On the day of the prime minister’s election rally ahead of next month’s local elections, the town square was filled with thousands of people. Large numbers of women in hijab stood in the front of the crowd, holding banners and flags.
Two days after the damaging allegations that shook the country, Prime Minister Erdoğan was in a defiant mood. Every time he referred to accusations directed against him and his party, the crowd cheered “Turkey is proud of you”
Declaring those orchestrating the massive graft probe against his government “spies working for other countries”, Mr Erdoğan told them what they wanted to hear. “Are you ready to give an answer to those enemies of our democracy? On the 30th of March, your choice will be between the old and new Turkey. “
A charismatic and smooth public speaker, Erdogan was clearly pleased with the reaction of his supporters in Usak.
His long speech contained many contradictions. It left serious questions and accusations unanswered. Nobody seemed to raise an objection. Those that may have protested were silenced even before the rally began. The teenager daughter of the town’s deputy from the opposition CHP was detained along with others.
As his convoy left for the airport, large groups of women holding flags and balloons went past us, animatedly discussing what they heard.
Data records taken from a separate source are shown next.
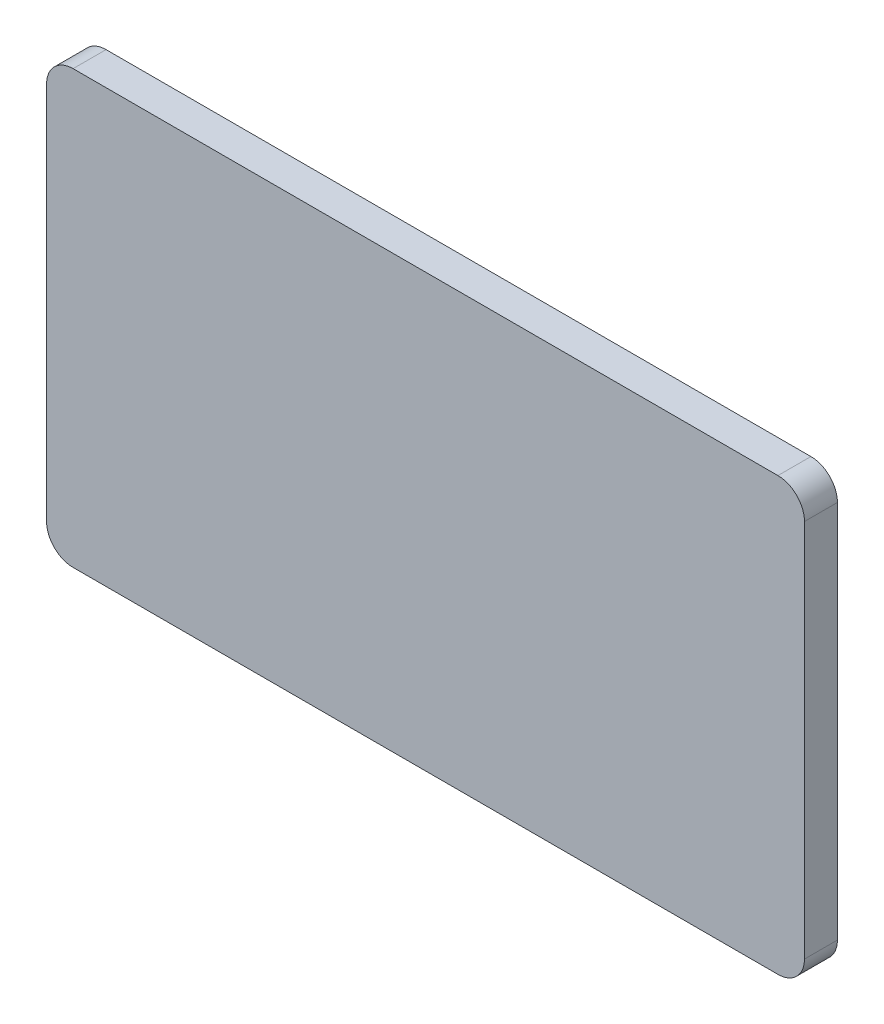
ISO-10303-21;
HEADER;
FILE_DESCRIPTION(('STEP AP214'),'2;1');
FILE_NAME('part.step','',(''),(''),'','','');
FILE_SCHEMA(('AUTOMOTIVE_DESIGN { 1 0 10303 214 1 1 1 1 }'));
ENDSEC;
DATA;
#1=APPLICATION_CONTEXT('core data for automotive mechanical design processes');
#2=APPLICATION_PROTOCOL_DEFINITION('international standard','automotive_design',2000,#1);
#3=PRODUCT_CONTEXT('',#1,'mechanical');
#4=PRODUCT('Part','Part','',(#3));
#5=PRODUCT_RELATED_PRODUCT_CATEGORY('part','',(#4));
#6=PRODUCT_DEFINITION_FORMATION('','',#4);
#7=PRODUCT_DEFINITION_CONTEXT('part definition',#1,'design');
#8=PRODUCT_DEFINITION('design','',#6,#7);
#9=PRODUCT_DEFINITION_SHAPE('','',#8);
#10=(LENGTH_UNIT() NAMED_UNIT(*) SI_UNIT(.MILLI.,.METRE.));
#11=(NAMED_UNIT(*) PLANE_ANGLE_UNIT() SI_UNIT($,.RADIAN.));
#12=(NAMED_UNIT(*) SI_UNIT($,.STERADIAN.) SOLID_ANGLE_UNIT());
#13=UNCERTAINTY_MEASURE_WITH_UNIT(LENGTH_MEASURE(1.E-05),#10,'distance_accuracy_value','');
#14=(GEOMETRIC_REPRESENTATION_CONTEXT(3) GLOBAL_UNCERTAINTY_ASSIGNED_CONTEXT((#13)) GLOBAL_UNIT_ASSIGNED_CONTEXT((#10,
#11,#12)) REPRESENTATION_CONTEXT('',''));
#15=CARTESIAN_POINT('',(0.,0.,0.));
#16=DIRECTION('',(0.,0.,1.));
#17=DIRECTION('',(1.,0.,0.));
#18=AXIS2_PLACEMENT_3D('',#15,#16,#17);
#19=CARTESIAN_POINT('',(-100.,0.,8.7));
#20=DIRECTION('',(-1.,0.,0.));
#21=DIRECTION('',(0.,0.,1.));
#22=AXIS2_PLACEMENT_3D('',#19,#20,#21);
#23=PLANE('',#22);
#24=DIRECTION('',(0.,1.,0.));
#25=VECTOR('',#24,1.);
#26=CARTESIAN_POINT('',(-100.,0.,8.7));
#27=LINE('',#26,#25);
#28=CARTESIAN_POINT('',(-100.,7.,8.7));
#29=VERTEX_POINT('',#28);
#30=CARTESIAN_POINT('',(-100.,107.,8.7));
#31=VERTEX_POINT('',#30);
#32=EDGE_CURVE('E165',#29,#31,#27,.T.);
#33=ORIENTED_EDGE('',*,*,#32,.T.);
#34=DIRECTION('',(0.,0.,-1.));
#35=VECTOR('',#34,1.);
#36=CARTESIAN_POINT('',(-100.,107.,8.7));
#37=LINE('',#36,#35);
#38=CARTESIAN_POINT('',(-100.,107.,0.));
#39=VERTEX_POINT('',#38);
#40=EDGE_CURVE('E11',#31,#39,#37,.T.);
#41=ORIENTED_EDGE('',*,*,#40,.T.);
#42=DIRECTION('',(0.,1.,0.));
#43=VECTOR('',#42,1.);
#44=CARTESIAN_POINT('',(-100.,0.,0.));
#45=LINE('',#44,#43);
#46=CARTESIAN_POINT('',(-100.,7.,0.));
#47=VERTEX_POINT('',#46);
#48=EDGE_CURVE('E161',#47,#39,#45,.T.);
#49=ORIENTED_EDGE('',*,*,#48,.F.);
#50=DIRECTION('',(0.,0.,-1.));
#51=VECTOR('',#50,1.);
#52=CARTESIAN_POINT('',(-100.,7.,8.7));
#53=LINE('',#52,#51);
#54=EDGE_CURVE('E40',#47,#29,#53,.F.);
#55=ORIENTED_EDGE('',*,*,#54,.T.);
#56=EDGE_LOOP('',(#33,#41,#49,#55));
#57=FACE_BOUND('',#56,.T.);
#58=ADVANCED_FACE('F32',(#57),#23,.T.);
#59=CARTESIAN_POINT('',(-100.,0.,8.7));
#60=DIRECTION('',(0.,1.,0.));
#61=DIRECTION('',(0.,0.,1.));
#62=AXIS2_PLACEMENT_3D('',#59,#60,#61);
#63=PLANE('',#62);
#64=DIRECTION('',(1.,0.,0.));
#65=VECTOR('',#64,1.);
#66=CARTESIAN_POINT('',(-100.,0.,0.));
#67=LINE('',#66,#65);
#68=CARTESIAN_POINT('',(-93.,0.,0.));
#69=VERTEX_POINT('',#68);
#70=CARTESIAN_POINT('',(93.,0.,0.));
#71=VERTEX_POINT('',#70);
#72=EDGE_CURVE('E169',#69,#71,#67,.T.);
#73=ORIENTED_EDGE('',*,*,#72,.T.);
#74=DIRECTION('',(0.,0.,-1.));
#75=VECTOR('',#74,1.);
#76=CARTESIAN_POINT('',(93.,0.,8.7));
#77=LINE('',#76,#75);
#78=CARTESIAN_POINT('',(93.,0.,8.7));
#79=VERTEX_POINT('',#78);
#80=EDGE_CURVE('E47',#71,#79,#77,.F.);
#81=ORIENTED_EDGE('',*,*,#80,.T.);
#82=DIRECTION('',(1.,0.,0.));
#83=VECTOR('',#82,1.);
#84=CARTESIAN_POINT('',(-100.,0.,8.7));
#85=LINE('',#84,#83);
#86=CARTESIAN_POINT('',(-93.,0.,8.7));
#87=VERTEX_POINT('',#86);
#88=EDGE_CURVE('E175',#87,#79,#85,.T.);
#89=ORIENTED_EDGE('',*,*,#88,.F.);
#90=DIRECTION('',(0.,0.,-1.));
#91=VECTOR('',#90,1.);
#92=CARTESIAN_POINT('',(-93.,0.,0.));
#93=LINE('',#92,#91);
#94=EDGE_CURVE('E211',#87,#69,#93,.T.);
#95=ORIENTED_EDGE('',*,*,#94,.T.);
#96=EDGE_LOOP('',(#73,#81,#89,#95));
#97=FACE_BOUND('',#96,.T.);
#98=ADVANCED_FACE('F224',(#97),#63,.F.);
#99=CARTESIAN_POINT('',(100.,0.,8.7));
#100=DIRECTION('',(-1.,0.,0.));
#101=DIRECTION('',(0.,0.,1.));
#102=AXIS2_PLACEMENT_3D('',#99,#100,#101);
#103=PLANE('',#102);
#104=DIRECTION('',(0.,1.,0.));
#105=VECTOR('',#104,1.);
#106=CARTESIAN_POINT('',(100.,0.,0.));
#107=LINE('',#106,#105);
#108=CARTESIAN_POINT('',(100.,7.,0.));
#109=VERTEX_POINT('',#108);
#110=CARTESIAN_POINT('',(100.,107.,0.));
#111=VERTEX_POINT('',#110);
#112=EDGE_CURVE('E183',#109,#111,#107,.T.);
#113=ORIENTED_EDGE('',*,*,#112,.T.);
#114=DIRECTION('',(0.,0.,-1.));
#115=VECTOR('',#114,1.);
#116=CARTESIAN_POINT('',(100.,107.,8.7));
#117=LINE('',#116,#115);
#118=CARTESIAN_POINT('',(100.,107.,8.7));
#119=VERTEX_POINT('',#118);
#120=EDGE_CURVE('E202',#111,#119,#117,.F.);
#121=ORIENTED_EDGE('',*,*,#120,.T.);
#122=DIRECTION('',(0.,1.,0.));
#123=VECTOR('',#122,1.);
#124=CARTESIAN_POINT('',(100.,0.,8.7));
#125=LINE('',#124,#123);
#126=CARTESIAN_POINT('',(100.,7.,8.7));
#127=VERTEX_POINT('',#126);
#128=EDGE_CURVE('E172',#127,#119,#125,.T.);
#129=ORIENTED_EDGE('',*,*,#128,.F.);
#130=DIRECTION('',(0.,0.,-1.));
#131=VECTOR('',#130,1.);
#132=CARTESIAN_POINT('',(100.,7.,8.7));
#133=LINE('',#132,#131);
#134=EDGE_CURVE('E199',#127,#109,#133,.T.);
#135=ORIENTED_EDGE('',*,*,#134,.T.);
#136=EDGE_LOOP('',(#113,#121,#129,#135));
#137=FACE_BOUND('',#136,.T.);
#138=ADVANCED_FACE('F234',(#137),#103,.F.);
#139=CARTESIAN_POINT('',(-100.,114.,8.7));
#140=DIRECTION('',(0.,1.,0.));
#141=DIRECTION('',(0.,0.,1.));
#142=AXIS2_PLACEMENT_3D('',#139,#140,#141);
#143=PLANE('',#142);
#144=DIRECTION('',(1.,0.,0.));
#145=VECTOR('',#144,1.);
#146=CARTESIAN_POINT('',(-100.,114.,8.7));
#147=LINE('',#146,#145);
#148=CARTESIAN_POINT('',(-93.,114.,8.7));
#149=VERTEX_POINT('',#148);
#150=CARTESIAN_POINT('',(93.,114.,8.7));
#151=VERTEX_POINT('',#150);
#152=EDGE_CURVE('E168',#149,#151,#147,.T.);
#153=ORIENTED_EDGE('',*,*,#152,.T.);
#154=DIRECTION('',(0.,0.,-1.));
#155=VECTOR('',#154,1.);
#156=CARTESIAN_POINT('',(93.,114.,0.));
#157=LINE('',#156,#155);
#158=CARTESIAN_POINT('',(93.,114.,0.));
#159=VERTEX_POINT('',#158);
#160=EDGE_CURVE('E188',#151,#159,#157,.T.);
#161=ORIENTED_EDGE('',*,*,#160,.T.);
#162=DIRECTION('',(1.,0.,0.));
#163=VECTOR('',#162,1.);
#164=CARTESIAN_POINT('',(-100.,114.,0.));
#165=LINE('',#164,#163);
#166=CARTESIAN_POINT('',(-93.,114.,0.));
#167=VERTEX_POINT('',#166);
#168=EDGE_CURVE('E180',#167,#159,#165,.T.);
#169=ORIENTED_EDGE('',*,*,#168,.F.);
#170=DIRECTION('',(0.,0.,-1.));
#171=VECTOR('',#170,1.);
#172=CARTESIAN_POINT('',(-93.,114.,8.7));
#173=LINE('',#172,#171);
#174=EDGE_CURVE('E177',#167,#149,#173,.F.);
#175=ORIENTED_EDGE('',*,*,#174,.T.);
#176=EDGE_LOOP('',(#153,#161,#169,#175));
#177=FACE_BOUND('',#176,.T.);
#178=ADVANCED_FACE('F242',(#177),#143,.T.);
#179=CARTESIAN_POINT('',(0.,0.,8.7));
#180=DIRECTION('',(0.,0.,-1.));
#181=DIRECTION('',(-1.,0.,0.));
#182=AXIS2_PLACEMENT_3D('',#179,#180,#181);
#183=PLANE('',#182);
#184=ORIENTED_EDGE('',*,*,#128,.T.);
#185=CARTESIAN_POINT('',(93.,107.,8.7));
#186=DIRECTION('',(0.,0.,-1.));
#187=DIRECTION('',(-1.,0.,0.));
#188=AXIS2_PLACEMENT_3D('',#185,#186,#187);
#189=CIRCLE('',#188,7.);
#190=EDGE_CURVE('E209',#119,#151,#189,.F.);
#191=ORIENTED_EDGE('',*,*,#190,.T.);
#192=ORIENTED_EDGE('',*,*,#152,.F.);
#193=CARTESIAN_POINT('',(-93.,107.,8.7));
#194=DIRECTION('',(0.,0.,-1.));
#195=DIRECTION('',(-1.,0.,0.));
#196=AXIS2_PLACEMENT_3D('',#193,#194,#195);
#197=CIRCLE('',#196,7.);
#198=EDGE_CURVE('E205',#149,#31,#197,.F.);
#199=ORIENTED_EDGE('',*,*,#198,.T.);
#200=ORIENTED_EDGE('',*,*,#32,.F.);
#201=CARTESIAN_POINT('',(-93.,7.,8.7));
#202=DIRECTION('',(0.,0.,-1.));
#203=DIRECTION('',(-1.,0.,0.));
#204=AXIS2_PLACEMENT_3D('',#201,#202,#203);
#205=CIRCLE('',#204,7.);
#206=EDGE_CURVE('E54',#29,#87,#205,.F.);
#207=ORIENTED_EDGE('',*,*,#206,.T.);
#208=ORIENTED_EDGE('',*,*,#88,.T.);
#209=CARTESIAN_POINT('',(93.,7.,8.7));
#210=DIRECTION('',(0.,0.,-1.));
#211=DIRECTION('',(-1.,0.,0.));
#212=AXIS2_PLACEMENT_3D('',#209,#210,#211);
#213=CIRCLE('',#212,7.);
#214=EDGE_CURVE('E207',#79,#127,#213,.F.);
#215=ORIENTED_EDGE('',*,*,#214,.T.);
#216=EDGE_LOOP('',(#184,#191,#192,#199,#200,#207,#208,#215));
#217=FACE_BOUND('',#216,.T.);
#218=ADVANCED_FACE('F219',(#217),#183,.F.);
#219=CARTESIAN_POINT('',(0.,0.,0.));
#220=DIRECTION('',(0.,0.,-1.));
#221=DIRECTION('',(-1.,0.,0.));
#222=AXIS2_PLACEMENT_3D('',#219,#220,#221);
#223=PLANE('',#222);
#224=DIRECTION('',(1.,0.,0.));
#225=VECTOR('',#224,1.);
#226=CARTESIAN_POINT('',(-75.5,104.,0.));
#227=LINE('',#226,#225);
#228=CARTESIAN_POINT('',(-75.5,104.,0.));
#229=VERTEX_POINT('',#228);
#230=CARTESIAN_POINT('',(75.5,104.,0.));
#231=VERTEX_POINT('',#230);
#232=EDGE_CURVE('E129',#229,#231,#227,.T.);
#233=ORIENTED_EDGE('',*,*,#232,.F.);
#234=DIRECTION('',(0.,-1.,0.));
#235=VECTOR('',#234,1.);
#236=CARTESIAN_POINT('',(-75.5,104.,0.));
#237=LINE('',#236,#235);
#238=CARTESIAN_POINT('',(-75.5,10.,0.));
#239=VERTEX_POINT('',#238);
#240=EDGE_CURVE('E146',#229,#239,#237,.T.);
#241=ORIENTED_EDGE('',*,*,#240,.T.);
#242=DIRECTION('',(1.,0.,0.));
#243=VECTOR('',#242,1.);
#244=CARTESIAN_POINT('',(-75.5,10.,0.));
#245=LINE('',#244,#243);
#246=CARTESIAN_POINT('',(75.5,9.99999999999997,0.));
#247=VERTEX_POINT('',#246);
#248=EDGE_CURVE('E149',#239,#247,#245,.T.);
#249=ORIENTED_EDGE('',*,*,#248,.T.);
#250=DIRECTION('',(0.,-1.,0.));
#251=VECTOR('',#250,1.);
#252=CARTESIAN_POINT('',(75.5,104.,0.));
#253=LINE('',#252,#251);
#254=EDGE_CURVE('E155',#231,#247,#253,.T.);
#255=ORIENTED_EDGE('',*,*,#254,.F.);
#256=EDGE_LOOP('',(#233,#241,#249,#255));
#257=FACE_BOUND('',#256,.T.);
#258=ORIENTED_EDGE('',*,*,#168,.T.);
#259=CARTESIAN_POINT('',(93.,107.,0.));
#260=DIRECTION('',(0.,0.,-1.));
#261=DIRECTION('',(-1.,0.,0.));
#262=AXIS2_PLACEMENT_3D('',#259,#260,#261);
#263=CIRCLE('',#262,7.);
#264=EDGE_CURVE('E197',#159,#111,#263,.T.);
#265=ORIENTED_EDGE('',*,*,#264,.T.);
#266=ORIENTED_EDGE('',*,*,#112,.F.);
#267=CARTESIAN_POINT('',(93.,7.,0.));
#268=DIRECTION('',(0.,0.,-1.));
#269=DIRECTION('',(-1.,0.,0.));
#270=AXIS2_PLACEMENT_3D('',#267,#268,#269);
#271=CIRCLE('',#270,7.);
#272=EDGE_CURVE('E195',#109,#71,#271,.T.);
#273=ORIENTED_EDGE('',*,*,#272,.T.);
#274=ORIENTED_EDGE('',*,*,#72,.F.);
#275=CARTESIAN_POINT('',(-93.,7.,0.));
#276=DIRECTION('',(0.,0.,-1.));
#277=DIRECTION('',(-1.,0.,0.));
#278=AXIS2_PLACEMENT_3D('',#275,#276,#277);
#279=CIRCLE('',#278,7.);
#280=EDGE_CURVE('E191',#69,#47,#279,.T.);
#281=ORIENTED_EDGE('',*,*,#280,.T.);
#282=ORIENTED_EDGE('',*,*,#48,.T.);
#283=CARTESIAN_POINT('',(-93.,107.,0.));
#284=DIRECTION('',(0.,0.,-1.));
#285=DIRECTION('',(-1.,0.,0.));
#286=AXIS2_PLACEMENT_3D('',#283,#284,#285);
#287=CIRCLE('',#286,7.);
#288=EDGE_CURVE('E193',#39,#167,#287,.T.);
#289=ORIENTED_EDGE('',*,*,#288,.T.);
#290=EDGE_LOOP('',(#258,#265,#266,#273,#274,#281,#282,#289));
#291=FACE_BOUND('',#290,.T.);
#292=ADVANCED_FACE('F226',(#257,#291),#223,.T.);
#293=CARTESIAN_POINT('',(-75.5,104.,2.));
#294=DIRECTION('',(0.,1.,0.));
#295=DIRECTION('',(-1.,0.,0.));
#296=AXIS2_PLACEMENT_3D('',#293,#294,#295);
#297=PLANE('',#296);
#298=ORIENTED_EDGE('',*,*,#232,.T.);
#299=DIRECTION('',(0.,0.,-1.));
#300=VECTOR('',#299,1.);
#301=CARTESIAN_POINT('',(75.5,104.,2.));
#302=LINE('',#301,#300);
#303=CARTESIAN_POINT('',(75.5,104.,2.));
#304=VERTEX_POINT('',#303);
#305=EDGE_CURVE('E123',#304,#231,#302,.T.);
#306=ORIENTED_EDGE('',*,*,#305,.F.);
#307=DIRECTION('',(1.,0.,0.));
#308=VECTOR('',#307,1.);
#309=CARTESIAN_POINT('',(-75.5,104.,2.));
#310=LINE('',#309,#308);
#311=CARTESIAN_POINT('',(-75.5,104.,2.));
#312=VERTEX_POINT('',#311);
#313=EDGE_CURVE('E127',#312,#304,#310,.T.);
#314=ORIENTED_EDGE('',*,*,#313,.F.);
#315=DIRECTION('',(0.,0.,-1.));
#316=VECTOR('',#315,1.);
#317=CARTESIAN_POINT('',(-75.5,104.,2.));
#318=LINE('',#317,#316);
#319=EDGE_CURVE('E159',#312,#229,#318,.T.);
#320=ORIENTED_EDGE('',*,*,#319,.T.);
#321=EDGE_LOOP('',(#298,#306,#314,#320));
#322=FACE_BOUND('',#321,.T.);
#323=ADVANCED_FACE('F125',(#322),#297,.F.);
#324=CARTESIAN_POINT('',(-75.5,104.,2.));
#325=DIRECTION('',(1.,0.,0.));
#326=DIRECTION('',(0.,0.,-1.));
#327=AXIS2_PLACEMENT_3D('',#324,#325,#326);
#328=PLANE('',#327);
#329=ORIENTED_EDGE('',*,*,#240,.F.);
#330=ORIENTED_EDGE('',*,*,#319,.F.);
#331=DIRECTION('',(0.,-1.,0.));
#332=VECTOR('',#331,1.);
#333=CARTESIAN_POINT('',(-75.5,104.,2.));
#334=LINE('',#333,#332);
#335=CARTESIAN_POINT('',(-75.5,10.,2.));
#336=VERTEX_POINT('',#335);
#337=EDGE_CURVE('E134',#312,#336,#334,.T.);
#338=ORIENTED_EDGE('',*,*,#337,.T.);
#339=DIRECTION('',(0.,0.,-1.));
#340=VECTOR('',#339,1.);
#341=CARTESIAN_POINT('',(-75.5,10.,2.));
#342=LINE('',#341,#340);
#343=EDGE_CURVE('E162',#336,#239,#342,.T.);
#344=ORIENTED_EDGE('',*,*,#343,.T.);
#345=EDGE_LOOP('',(#329,#330,#338,#344));
#346=FACE_BOUND('',#345,.T.);
#347=ADVANCED_FACE('F272',(#346),#328,.T.);
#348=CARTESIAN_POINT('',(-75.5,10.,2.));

Later on, I met two other town residents who watched the speech live on television. They seemed to be disappointed such a large crowd turned up to cheer him despite all these recent allegations of corruption.
I asked if they thought the AKP candidate would win in Usak on the 30th of March local elections.
They reluctantly admitted that he might. “In our neighbourhood, the AKP party apparatus is very visible. They visit homes, they distribute packages of food. People who moved into newly built affordable housing developments do not worry about who else might have benefited from these non-transparent schemes; whether there was sleaze and graft. Pressure on the media and the judiciary, disregard for the rule and law do not figure in their decision making when they go to ballot box “one of them said.
They may be right. What shocks us is not necessarily what will influence the voters in towns and villages on the day of the election.
When the prime minister says he will answer accusations at his own choosing, meaning after the elections next month, he may know something we don’t.
Could it be the fact that every country deserves the government it has?